Our Industry Experience

Nebotain led the emergency recovery from a targeted SQL injection attack of a public-facing prepaid credit card portal of the organization. Nebotain conducted incident and crisis management activities to contain and eradicate the threat while engaging legal, law enforcement, banking regulators and public relations personel.

Nebotain responded and mitigated a distributed password spraying and brute force attack campaign on publicly facing APIs of the organization. Recovery activities included hardening of the external website platforms,  an implementation of an API security layer, and 24/7 monitoring and response to threats.

Nebotain created and led a compliance program to the PCI-DSS standard within the organization The program included implementation of database encryption technologies, implementation of compensating controls in the form of database activity monitoring and the re-architecting of the internal network based on security zones.

Nebotain investigated multiple instances of theft of subscriber information within the organization. The investigation resulted in the prosecution of the adversaries and the creation of a risk mitigation plan with the implementation of Data Leakage Prevention and Insider Threat Detection technologies to enhance detection and response mechanisms.

Nebotain conducted a year long hunt after a persistent threat actor that conducted weekly social engineering attempts intended to defraud the customer support staff of the organization. Nebotain used various HUMINT, OSINT and deception techniques to pursue, find the perpetrator and convict him.

Nebotain formed and lead a Classified Information Protection program within the organization while complying with rigorous national security requirements.
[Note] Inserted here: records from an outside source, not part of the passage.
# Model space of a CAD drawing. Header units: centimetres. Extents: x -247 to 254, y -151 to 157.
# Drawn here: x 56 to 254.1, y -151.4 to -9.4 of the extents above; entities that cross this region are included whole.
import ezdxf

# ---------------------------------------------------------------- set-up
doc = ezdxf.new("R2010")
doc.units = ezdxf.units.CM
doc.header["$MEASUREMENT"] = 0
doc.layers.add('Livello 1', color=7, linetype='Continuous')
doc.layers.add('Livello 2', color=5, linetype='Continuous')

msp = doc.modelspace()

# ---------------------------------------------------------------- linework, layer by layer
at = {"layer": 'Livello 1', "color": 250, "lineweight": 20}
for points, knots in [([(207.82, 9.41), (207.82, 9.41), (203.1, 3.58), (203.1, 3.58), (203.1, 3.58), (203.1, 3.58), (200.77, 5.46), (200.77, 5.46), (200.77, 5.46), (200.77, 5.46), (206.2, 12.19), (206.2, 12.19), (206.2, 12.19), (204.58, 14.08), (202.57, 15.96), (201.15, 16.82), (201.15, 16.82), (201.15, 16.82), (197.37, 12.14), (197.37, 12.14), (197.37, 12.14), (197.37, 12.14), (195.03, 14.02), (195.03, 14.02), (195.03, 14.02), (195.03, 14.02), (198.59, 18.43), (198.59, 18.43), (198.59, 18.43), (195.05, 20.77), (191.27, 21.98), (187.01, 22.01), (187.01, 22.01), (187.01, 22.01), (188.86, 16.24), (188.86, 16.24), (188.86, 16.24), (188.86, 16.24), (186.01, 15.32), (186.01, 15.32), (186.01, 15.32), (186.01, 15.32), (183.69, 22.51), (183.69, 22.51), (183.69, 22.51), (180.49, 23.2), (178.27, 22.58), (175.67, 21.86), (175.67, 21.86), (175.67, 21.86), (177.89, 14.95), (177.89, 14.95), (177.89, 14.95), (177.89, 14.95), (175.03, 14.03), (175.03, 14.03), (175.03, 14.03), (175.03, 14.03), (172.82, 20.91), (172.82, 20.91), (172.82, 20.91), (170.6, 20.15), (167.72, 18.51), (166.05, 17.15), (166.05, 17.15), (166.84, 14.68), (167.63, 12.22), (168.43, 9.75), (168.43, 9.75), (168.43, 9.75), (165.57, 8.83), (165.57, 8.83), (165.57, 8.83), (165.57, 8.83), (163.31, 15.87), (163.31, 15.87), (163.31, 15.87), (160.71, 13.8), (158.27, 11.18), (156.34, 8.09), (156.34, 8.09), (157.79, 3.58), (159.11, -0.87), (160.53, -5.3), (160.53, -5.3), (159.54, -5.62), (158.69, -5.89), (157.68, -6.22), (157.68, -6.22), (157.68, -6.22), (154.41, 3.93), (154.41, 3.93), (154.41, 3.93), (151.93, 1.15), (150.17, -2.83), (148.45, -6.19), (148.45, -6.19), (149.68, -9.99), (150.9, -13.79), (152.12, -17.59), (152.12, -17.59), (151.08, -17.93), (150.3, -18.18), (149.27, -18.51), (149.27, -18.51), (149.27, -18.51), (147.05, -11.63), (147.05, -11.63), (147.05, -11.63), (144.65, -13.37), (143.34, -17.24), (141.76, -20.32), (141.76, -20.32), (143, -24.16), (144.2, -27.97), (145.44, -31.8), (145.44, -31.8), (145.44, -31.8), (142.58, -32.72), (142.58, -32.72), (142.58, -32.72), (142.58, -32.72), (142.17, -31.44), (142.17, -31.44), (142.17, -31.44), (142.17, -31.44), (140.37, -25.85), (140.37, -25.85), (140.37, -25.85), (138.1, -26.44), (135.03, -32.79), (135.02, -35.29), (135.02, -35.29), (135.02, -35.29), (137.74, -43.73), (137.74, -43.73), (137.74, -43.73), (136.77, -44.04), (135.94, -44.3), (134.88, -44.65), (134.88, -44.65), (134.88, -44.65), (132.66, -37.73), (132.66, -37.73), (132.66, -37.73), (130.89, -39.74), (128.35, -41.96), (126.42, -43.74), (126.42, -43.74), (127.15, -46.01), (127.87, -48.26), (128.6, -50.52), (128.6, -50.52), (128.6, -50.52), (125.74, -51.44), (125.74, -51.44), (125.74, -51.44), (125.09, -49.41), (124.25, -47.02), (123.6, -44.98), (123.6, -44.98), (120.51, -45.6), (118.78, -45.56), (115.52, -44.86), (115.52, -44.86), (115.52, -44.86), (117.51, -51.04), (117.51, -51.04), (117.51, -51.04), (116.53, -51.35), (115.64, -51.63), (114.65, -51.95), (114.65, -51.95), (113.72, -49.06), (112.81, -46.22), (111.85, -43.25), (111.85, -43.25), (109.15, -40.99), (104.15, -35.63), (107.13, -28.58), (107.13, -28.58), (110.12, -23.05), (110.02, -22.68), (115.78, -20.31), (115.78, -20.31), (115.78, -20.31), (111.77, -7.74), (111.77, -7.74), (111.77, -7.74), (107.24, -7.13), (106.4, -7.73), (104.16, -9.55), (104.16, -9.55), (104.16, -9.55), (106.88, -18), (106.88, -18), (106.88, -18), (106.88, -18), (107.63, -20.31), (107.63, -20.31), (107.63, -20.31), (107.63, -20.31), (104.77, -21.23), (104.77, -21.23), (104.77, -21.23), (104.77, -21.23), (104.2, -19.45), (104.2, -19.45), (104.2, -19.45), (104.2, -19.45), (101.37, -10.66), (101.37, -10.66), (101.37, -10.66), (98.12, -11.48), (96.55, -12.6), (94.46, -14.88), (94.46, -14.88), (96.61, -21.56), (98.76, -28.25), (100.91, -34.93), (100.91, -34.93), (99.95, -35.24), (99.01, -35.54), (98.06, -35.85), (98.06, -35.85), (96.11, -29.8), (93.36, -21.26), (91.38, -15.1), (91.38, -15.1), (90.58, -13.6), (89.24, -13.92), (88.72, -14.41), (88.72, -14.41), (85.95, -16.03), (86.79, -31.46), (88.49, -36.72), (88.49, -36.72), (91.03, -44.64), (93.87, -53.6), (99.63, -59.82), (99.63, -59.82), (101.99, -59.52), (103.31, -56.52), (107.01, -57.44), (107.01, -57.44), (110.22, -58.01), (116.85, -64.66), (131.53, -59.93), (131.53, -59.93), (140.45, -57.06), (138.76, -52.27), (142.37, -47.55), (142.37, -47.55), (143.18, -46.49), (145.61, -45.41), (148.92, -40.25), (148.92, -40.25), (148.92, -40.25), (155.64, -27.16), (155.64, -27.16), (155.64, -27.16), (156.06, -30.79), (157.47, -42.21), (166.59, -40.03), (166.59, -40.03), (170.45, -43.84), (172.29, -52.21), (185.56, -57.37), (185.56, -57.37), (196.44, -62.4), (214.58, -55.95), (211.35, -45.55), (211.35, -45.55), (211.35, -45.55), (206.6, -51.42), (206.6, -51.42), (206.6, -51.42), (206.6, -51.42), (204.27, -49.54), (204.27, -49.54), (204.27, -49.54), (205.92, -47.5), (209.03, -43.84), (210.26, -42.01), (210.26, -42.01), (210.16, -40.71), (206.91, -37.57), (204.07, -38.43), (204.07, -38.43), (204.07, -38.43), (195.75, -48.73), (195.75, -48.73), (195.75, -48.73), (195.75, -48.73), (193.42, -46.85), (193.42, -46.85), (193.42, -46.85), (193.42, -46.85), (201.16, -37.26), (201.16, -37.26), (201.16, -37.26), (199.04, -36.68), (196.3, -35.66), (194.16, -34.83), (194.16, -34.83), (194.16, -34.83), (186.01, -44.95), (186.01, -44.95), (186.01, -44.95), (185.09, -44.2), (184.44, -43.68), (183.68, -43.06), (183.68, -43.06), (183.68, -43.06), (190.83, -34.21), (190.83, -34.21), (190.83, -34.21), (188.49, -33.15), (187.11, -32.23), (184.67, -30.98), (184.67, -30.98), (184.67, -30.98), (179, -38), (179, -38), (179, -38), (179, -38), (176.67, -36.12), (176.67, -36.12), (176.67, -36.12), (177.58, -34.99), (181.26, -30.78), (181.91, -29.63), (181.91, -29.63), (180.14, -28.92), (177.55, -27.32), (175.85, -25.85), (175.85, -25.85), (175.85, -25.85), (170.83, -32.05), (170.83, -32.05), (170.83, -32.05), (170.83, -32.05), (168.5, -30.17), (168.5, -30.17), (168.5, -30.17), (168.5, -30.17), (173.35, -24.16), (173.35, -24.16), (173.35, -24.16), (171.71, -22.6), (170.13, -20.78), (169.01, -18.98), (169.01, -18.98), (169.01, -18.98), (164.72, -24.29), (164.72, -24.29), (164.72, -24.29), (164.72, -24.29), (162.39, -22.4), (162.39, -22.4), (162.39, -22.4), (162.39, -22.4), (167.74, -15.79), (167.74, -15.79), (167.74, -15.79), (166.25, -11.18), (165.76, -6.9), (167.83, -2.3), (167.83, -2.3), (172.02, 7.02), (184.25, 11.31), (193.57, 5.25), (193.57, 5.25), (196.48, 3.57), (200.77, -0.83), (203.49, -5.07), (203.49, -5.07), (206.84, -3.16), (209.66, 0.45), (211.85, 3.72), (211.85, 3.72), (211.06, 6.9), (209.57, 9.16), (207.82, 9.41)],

The program included implementation of technical , physical, and organizational security controls intended to protect classified information held within the IT, OT and Cellular environment. 

Nebotain created an application security program while working closely with the development teams of the organization. The program included secured development training to over 70 developers, creation of secure coding practices, implementation of code reviews , static code analysis and penetration testing prior to production deployment and continuous runtime protection mechanisms.

Nebotain battled a DDoS attack campaign of of public facing game servers of the organization. Nebotain led the Incident Response team within the organization and also managed multiple third parties and Emergency response teams of the world’s leading DDoS mitigation providers. 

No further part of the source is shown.